**Information shown:**
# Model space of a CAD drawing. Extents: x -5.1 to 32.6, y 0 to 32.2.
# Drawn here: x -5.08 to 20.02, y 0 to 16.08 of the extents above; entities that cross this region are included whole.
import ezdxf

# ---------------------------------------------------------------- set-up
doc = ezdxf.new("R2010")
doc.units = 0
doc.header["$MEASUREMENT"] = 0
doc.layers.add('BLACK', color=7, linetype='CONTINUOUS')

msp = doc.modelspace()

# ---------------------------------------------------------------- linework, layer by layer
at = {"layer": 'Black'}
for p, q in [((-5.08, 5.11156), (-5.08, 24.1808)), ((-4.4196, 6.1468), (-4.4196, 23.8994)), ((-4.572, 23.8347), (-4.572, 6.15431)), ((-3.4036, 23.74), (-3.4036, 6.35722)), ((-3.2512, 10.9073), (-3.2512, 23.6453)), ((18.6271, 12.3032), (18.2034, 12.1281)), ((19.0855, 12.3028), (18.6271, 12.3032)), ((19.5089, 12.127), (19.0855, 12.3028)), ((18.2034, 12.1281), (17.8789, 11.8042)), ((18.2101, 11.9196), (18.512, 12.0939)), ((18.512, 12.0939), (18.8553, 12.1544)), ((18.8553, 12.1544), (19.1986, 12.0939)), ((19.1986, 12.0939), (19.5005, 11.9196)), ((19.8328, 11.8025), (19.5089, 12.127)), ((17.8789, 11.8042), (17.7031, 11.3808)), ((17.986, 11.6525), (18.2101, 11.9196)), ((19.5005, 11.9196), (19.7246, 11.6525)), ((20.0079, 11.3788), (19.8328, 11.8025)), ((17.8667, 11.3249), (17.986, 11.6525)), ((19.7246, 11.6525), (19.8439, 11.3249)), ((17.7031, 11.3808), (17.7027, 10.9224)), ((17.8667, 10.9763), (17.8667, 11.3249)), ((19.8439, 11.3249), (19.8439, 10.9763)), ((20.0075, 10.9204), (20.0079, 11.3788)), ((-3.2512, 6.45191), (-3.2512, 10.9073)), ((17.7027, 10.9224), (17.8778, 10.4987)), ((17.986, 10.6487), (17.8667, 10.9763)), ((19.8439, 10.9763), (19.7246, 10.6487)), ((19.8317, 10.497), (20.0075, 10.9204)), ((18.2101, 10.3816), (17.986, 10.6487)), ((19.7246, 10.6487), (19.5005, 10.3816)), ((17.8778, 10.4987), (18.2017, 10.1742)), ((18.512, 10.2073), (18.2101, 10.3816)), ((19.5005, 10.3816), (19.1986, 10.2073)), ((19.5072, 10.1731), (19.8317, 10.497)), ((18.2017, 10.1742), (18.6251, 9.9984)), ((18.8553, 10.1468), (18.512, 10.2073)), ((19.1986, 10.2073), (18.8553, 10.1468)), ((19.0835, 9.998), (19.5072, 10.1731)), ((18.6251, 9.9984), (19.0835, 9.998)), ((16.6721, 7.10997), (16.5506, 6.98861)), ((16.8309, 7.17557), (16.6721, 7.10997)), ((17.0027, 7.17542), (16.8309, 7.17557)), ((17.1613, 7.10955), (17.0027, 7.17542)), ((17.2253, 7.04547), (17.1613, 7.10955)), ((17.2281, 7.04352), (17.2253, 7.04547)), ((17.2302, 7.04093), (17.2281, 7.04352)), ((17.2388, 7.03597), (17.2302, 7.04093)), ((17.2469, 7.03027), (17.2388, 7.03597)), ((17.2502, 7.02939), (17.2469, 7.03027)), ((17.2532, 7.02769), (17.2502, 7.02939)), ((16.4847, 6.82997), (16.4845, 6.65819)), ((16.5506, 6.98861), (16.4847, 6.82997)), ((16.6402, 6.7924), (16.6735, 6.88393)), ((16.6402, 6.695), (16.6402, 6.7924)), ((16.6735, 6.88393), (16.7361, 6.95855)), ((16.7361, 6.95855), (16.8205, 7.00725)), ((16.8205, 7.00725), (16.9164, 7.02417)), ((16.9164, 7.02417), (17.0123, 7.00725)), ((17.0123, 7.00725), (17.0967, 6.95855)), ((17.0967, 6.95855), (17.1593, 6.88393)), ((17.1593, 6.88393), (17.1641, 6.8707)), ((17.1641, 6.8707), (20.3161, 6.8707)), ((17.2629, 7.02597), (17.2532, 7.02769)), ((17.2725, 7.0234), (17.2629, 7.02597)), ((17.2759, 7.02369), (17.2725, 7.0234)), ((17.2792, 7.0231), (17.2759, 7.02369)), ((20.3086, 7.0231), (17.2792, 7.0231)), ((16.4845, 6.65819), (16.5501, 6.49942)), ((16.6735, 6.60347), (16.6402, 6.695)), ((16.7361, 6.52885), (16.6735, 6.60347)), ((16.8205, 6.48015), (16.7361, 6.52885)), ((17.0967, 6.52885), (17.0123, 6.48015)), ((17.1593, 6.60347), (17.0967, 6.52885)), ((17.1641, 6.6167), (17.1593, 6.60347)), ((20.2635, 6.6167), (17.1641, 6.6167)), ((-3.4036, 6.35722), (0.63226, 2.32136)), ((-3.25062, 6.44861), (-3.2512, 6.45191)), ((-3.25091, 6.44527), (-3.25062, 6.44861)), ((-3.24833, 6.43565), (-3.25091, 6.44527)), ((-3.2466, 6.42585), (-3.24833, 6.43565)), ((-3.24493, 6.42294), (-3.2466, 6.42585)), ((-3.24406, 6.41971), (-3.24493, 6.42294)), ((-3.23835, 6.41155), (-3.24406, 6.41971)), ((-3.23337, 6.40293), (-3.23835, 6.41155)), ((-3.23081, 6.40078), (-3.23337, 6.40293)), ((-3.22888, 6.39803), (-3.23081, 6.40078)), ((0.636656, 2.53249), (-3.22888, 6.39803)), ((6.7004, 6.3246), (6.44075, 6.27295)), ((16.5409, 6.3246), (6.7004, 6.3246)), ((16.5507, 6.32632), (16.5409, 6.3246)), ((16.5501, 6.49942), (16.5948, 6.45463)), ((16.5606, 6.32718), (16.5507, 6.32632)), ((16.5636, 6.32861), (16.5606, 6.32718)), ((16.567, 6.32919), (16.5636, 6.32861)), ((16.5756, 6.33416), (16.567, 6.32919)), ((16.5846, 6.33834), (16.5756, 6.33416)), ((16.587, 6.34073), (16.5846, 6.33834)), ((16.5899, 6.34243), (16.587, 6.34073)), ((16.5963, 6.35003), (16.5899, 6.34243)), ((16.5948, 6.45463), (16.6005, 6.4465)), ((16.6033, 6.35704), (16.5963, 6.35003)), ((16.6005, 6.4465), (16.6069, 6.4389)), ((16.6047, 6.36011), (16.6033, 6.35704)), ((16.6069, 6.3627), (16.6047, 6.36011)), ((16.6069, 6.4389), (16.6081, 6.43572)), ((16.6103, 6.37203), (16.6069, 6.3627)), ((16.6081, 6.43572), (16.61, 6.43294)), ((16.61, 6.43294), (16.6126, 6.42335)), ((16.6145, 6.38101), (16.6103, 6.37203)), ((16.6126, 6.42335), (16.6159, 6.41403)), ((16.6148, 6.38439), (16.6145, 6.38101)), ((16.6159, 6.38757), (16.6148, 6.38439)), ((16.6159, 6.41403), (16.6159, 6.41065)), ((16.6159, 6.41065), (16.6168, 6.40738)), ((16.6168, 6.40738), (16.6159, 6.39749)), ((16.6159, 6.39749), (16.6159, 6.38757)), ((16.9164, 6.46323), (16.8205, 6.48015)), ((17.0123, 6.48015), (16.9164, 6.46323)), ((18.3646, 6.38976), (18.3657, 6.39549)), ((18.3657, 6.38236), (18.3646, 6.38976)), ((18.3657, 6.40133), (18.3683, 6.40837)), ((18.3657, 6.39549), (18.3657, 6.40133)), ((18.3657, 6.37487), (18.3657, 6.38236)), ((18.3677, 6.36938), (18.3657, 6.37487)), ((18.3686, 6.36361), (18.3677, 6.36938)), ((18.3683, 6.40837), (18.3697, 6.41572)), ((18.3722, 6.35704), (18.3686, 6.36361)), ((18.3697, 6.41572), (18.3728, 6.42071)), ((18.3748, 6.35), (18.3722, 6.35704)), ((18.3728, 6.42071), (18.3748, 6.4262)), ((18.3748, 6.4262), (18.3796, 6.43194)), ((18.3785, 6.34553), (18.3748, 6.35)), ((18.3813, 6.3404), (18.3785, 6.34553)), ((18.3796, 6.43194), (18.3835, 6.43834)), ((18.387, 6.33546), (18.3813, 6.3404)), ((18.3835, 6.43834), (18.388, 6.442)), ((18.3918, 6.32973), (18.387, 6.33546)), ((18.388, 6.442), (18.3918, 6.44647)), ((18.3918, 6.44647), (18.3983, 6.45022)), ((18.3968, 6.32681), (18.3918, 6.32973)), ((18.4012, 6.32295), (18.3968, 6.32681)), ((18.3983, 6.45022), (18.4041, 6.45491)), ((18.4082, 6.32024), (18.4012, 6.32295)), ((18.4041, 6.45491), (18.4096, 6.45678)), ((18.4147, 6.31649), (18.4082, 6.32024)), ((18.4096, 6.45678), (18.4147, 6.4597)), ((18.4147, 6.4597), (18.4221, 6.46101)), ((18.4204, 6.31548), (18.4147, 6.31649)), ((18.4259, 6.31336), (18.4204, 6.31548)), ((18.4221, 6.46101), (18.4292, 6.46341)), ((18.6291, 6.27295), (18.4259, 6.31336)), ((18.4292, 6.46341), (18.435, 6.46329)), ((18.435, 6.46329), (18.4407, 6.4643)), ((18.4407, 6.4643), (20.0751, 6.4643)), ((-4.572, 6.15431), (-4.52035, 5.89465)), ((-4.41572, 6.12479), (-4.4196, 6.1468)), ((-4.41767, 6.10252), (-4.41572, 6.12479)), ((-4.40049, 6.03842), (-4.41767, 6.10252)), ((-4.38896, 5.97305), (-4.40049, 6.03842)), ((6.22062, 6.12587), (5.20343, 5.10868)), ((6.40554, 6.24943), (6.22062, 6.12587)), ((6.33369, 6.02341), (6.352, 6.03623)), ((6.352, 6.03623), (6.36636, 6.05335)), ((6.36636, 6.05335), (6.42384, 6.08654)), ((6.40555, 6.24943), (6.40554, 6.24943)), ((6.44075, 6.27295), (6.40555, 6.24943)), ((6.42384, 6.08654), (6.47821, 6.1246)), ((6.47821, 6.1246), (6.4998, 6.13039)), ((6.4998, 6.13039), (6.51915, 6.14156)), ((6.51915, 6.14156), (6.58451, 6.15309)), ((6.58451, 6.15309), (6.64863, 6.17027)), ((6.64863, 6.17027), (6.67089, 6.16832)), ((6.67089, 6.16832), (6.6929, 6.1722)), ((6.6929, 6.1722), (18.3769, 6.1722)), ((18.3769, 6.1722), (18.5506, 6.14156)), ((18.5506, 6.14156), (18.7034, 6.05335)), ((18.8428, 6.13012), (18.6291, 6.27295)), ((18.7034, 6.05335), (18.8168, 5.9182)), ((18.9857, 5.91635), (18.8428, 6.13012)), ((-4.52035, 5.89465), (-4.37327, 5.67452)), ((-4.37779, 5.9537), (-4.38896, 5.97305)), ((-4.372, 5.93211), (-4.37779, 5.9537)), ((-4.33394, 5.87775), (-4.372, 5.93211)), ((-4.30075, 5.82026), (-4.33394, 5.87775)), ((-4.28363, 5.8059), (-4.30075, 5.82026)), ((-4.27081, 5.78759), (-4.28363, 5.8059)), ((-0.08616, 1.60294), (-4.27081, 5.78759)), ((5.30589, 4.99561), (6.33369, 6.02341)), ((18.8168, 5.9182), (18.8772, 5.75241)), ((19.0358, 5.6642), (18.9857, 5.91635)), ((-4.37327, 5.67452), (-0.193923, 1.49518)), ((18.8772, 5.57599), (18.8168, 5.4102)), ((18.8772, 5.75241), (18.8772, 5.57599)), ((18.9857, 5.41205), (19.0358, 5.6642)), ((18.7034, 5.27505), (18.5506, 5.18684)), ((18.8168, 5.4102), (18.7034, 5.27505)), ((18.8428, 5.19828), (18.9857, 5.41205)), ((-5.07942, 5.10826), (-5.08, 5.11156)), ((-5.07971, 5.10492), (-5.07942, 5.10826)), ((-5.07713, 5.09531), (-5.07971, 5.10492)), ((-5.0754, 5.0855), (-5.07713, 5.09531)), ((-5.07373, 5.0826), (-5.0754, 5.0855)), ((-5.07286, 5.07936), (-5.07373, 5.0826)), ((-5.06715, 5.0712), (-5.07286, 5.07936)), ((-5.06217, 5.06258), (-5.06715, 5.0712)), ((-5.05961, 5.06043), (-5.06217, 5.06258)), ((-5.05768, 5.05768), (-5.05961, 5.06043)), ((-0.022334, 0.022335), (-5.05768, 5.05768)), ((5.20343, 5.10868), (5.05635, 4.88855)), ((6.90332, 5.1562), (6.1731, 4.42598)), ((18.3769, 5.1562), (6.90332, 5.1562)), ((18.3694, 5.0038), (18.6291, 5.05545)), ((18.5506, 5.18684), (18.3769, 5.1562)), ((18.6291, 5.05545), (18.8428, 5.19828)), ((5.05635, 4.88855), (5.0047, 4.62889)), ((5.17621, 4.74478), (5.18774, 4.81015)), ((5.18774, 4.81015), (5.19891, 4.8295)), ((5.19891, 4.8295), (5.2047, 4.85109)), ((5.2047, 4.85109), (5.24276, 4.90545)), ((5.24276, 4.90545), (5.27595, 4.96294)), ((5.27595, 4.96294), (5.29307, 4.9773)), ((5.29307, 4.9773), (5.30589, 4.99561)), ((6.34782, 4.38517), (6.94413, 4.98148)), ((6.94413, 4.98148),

**Work instruction:** Output the material above exactly, but only from the line that carries "# Drawn here: x" through the line that carries "doc.units = 0".

**Written answer:**
# Drawn here: x -5.08 to 20.02, y 0 to 16.08 of the extents above; entities that cross this region are included whole.
import ezdxf

# ---------------------------------------------------------------- set-up
doc = ezdxf.new("R2010")
doc.units = 0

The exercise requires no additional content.